Exercise requirements |
Repeat all of the records verbatim.

------ Dataset extract

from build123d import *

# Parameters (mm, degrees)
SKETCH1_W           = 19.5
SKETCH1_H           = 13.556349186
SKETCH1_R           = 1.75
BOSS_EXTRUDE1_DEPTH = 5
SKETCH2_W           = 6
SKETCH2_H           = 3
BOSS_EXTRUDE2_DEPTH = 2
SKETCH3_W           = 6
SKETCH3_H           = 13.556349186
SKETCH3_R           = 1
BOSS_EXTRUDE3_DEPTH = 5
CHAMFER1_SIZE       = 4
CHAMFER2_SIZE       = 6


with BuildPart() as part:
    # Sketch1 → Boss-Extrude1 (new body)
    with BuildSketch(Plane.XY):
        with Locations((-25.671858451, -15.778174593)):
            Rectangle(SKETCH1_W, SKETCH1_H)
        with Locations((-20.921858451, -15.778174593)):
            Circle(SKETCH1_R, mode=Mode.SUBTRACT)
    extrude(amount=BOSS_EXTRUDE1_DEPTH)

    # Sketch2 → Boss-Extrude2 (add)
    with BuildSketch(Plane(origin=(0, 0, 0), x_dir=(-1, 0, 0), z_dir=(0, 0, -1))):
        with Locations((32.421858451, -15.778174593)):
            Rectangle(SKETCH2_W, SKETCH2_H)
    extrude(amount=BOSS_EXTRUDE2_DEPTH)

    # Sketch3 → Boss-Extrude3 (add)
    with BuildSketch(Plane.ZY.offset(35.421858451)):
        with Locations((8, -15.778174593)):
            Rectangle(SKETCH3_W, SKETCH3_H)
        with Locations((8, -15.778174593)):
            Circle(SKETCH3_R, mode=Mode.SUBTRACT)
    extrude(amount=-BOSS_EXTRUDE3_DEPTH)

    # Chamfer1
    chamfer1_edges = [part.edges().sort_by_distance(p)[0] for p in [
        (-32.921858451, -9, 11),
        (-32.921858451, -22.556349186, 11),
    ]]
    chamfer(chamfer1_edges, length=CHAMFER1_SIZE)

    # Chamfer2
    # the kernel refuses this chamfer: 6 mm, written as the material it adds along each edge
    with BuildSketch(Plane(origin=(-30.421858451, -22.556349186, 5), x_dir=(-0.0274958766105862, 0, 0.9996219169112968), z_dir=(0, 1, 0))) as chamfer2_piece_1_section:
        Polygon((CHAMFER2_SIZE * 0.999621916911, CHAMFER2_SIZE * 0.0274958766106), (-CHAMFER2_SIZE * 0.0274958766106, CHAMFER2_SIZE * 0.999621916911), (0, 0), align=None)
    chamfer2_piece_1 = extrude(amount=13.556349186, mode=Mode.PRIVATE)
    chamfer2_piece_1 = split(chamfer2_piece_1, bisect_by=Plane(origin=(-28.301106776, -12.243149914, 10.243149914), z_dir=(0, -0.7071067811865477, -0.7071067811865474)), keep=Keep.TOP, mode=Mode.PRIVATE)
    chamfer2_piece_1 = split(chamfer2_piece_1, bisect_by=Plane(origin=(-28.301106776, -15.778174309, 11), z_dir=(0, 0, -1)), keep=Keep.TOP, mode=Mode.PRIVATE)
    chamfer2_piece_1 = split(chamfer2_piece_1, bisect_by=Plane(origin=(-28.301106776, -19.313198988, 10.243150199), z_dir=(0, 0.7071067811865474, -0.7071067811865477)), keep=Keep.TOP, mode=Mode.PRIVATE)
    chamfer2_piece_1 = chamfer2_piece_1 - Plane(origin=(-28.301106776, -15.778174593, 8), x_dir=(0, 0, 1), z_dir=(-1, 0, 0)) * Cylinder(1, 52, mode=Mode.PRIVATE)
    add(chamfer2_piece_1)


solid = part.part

------------

Answer space |
from build123d import *

# Parameters (mm, degrees)
SKETCH1_W           = 19.5
SKETCH1_H           = 13.556349186
SKETCH1_R           = 1.75
BOSS_EXTRUDE1_DEPTH = 5
SKETCH2_W           = 6
SKETCH2_H           = 3
BOSS_EXTRUDE2_DEPTH = 2
SKETCH3_W           = 6
SKETCH3_H           = 13.556349186
SKETCH3_R           = 1
BOSS_EXTRUDE3_DEPTH = 5
CHAMFER1_SIZE       = 4
CHAMFER2_SIZE       = 6


with BuildPart() as part:
    # Sketch1 → Boss-Extrude1 (new body)
    with BuildSketch(Plane.XY):
        with Locations((-25.671858451, -15.778174593)):
            Rectangle(SKETCH1_W, SKETCH1_H)
        with Locations((-20.921858451, -15.778174593)):
            Circle(SKETCH1_R, mode=Mode.SUBTRACT)
    extrude(amount=BOSS_EXTRUDE1_DEPTH)

    # Sketch2 → Boss-Extrude2 (add)
    with BuildSketch(Plane(origin=(0, 0, 0), x_dir=(-1, 0, 0), z_dir=(0, 0, -1))):
        with Locations((32.421858451, -15.778174593)):
            Rectangle(SKETCH2_W, SKETCH2_H)
    extrude(amount=BOSS_EXTRUDE2_DEPTH)

    # Sketch3 → Boss-Extrude3 (add)
    with BuildSketch(Plane.ZY.offset(35.421858451)):
        with Locations((8, -15.778174593)):
            Rectangle(SKETCH3_W, SKETCH3_H)
        with Locations((8, -15.778174593)):
            Circle(SKETCH3_R, mode=Mode.SUBTRACT)
    extrude(amount=-BOSS_EXTRUDE3_DEPTH)

    # Chamfer1
    chamfer1_edges = [part.edges().sort_by_distance(p)[0] for p in [
        (-32.921858451, -9, 11),
        (-32.921858451, -22.556349186, 11),
    ]]
    chamfer(chamfer1_edges, length=CHAMFER1_SIZE)

    # Chamfer2
    # the kernel refuses this chamfer: 6 mm, written as the material it adds along each edge
    with BuildSketch(Plane(origin=(-30.421858451, -22.556349186, 5), x_dir=(-0.0274958766105862, 0, 0.9996219169112968), z_dir=(0, 1, 0))) as chamfer2_piece_1_section:
        Polygon((CHAMFER2_SIZE * 0.999621916911, CHAMFER2_SIZE * 0.0274958766106), (-CHAMFER2_SIZE * 0.0274958766106, CHAMFER2_SIZE * 0.999621916911), (0, 0), align=None)
    chamfer2_piece_1 = extrude(amount=13.556349186, mode=Mode.PRIVATE)
    chamfer2_piece_1 = split(chamfer2_piece_1, bisect_by=Plane(origin=(-28.301106776, -12.243149914, 10.243149914), z_dir=(0, -0.7071067811865477, -0.7071067811865474)), keep=Keep.TOP, mode=Mode.PRIVATE)
    chamfer2_piece_1 = split(chamfer2_piece_1, bisect_by=Plane(origin=(-28.301106776, -15.778174309, 11), z_dir=(0, 0, -1)), keep=Keep.TOP, mode=Mode.PRIVATE)
    chamfer2_piece_1 = split(chamfer2_piece_1, bisect_by=Plane(origin=(-28.301106776, -19.313198988, 10.243150199), z_dir=(0, 0.7071067811865474, -0.7071067811865477)), keep=Keep.TOP, mode=Mode.PRIVATE)
    chamfer2_piece_1 = chamfer2_piece_1 - Plane(origin=(-28.301106776, -15.778174593, 8), x_dir=(0, 0, 1), z_dir=(-1, 0, 0)) * Cylinder(1, 52, mode=Mode.PRIVATE)
    add(chamfer2_piece_1)


solid = part.part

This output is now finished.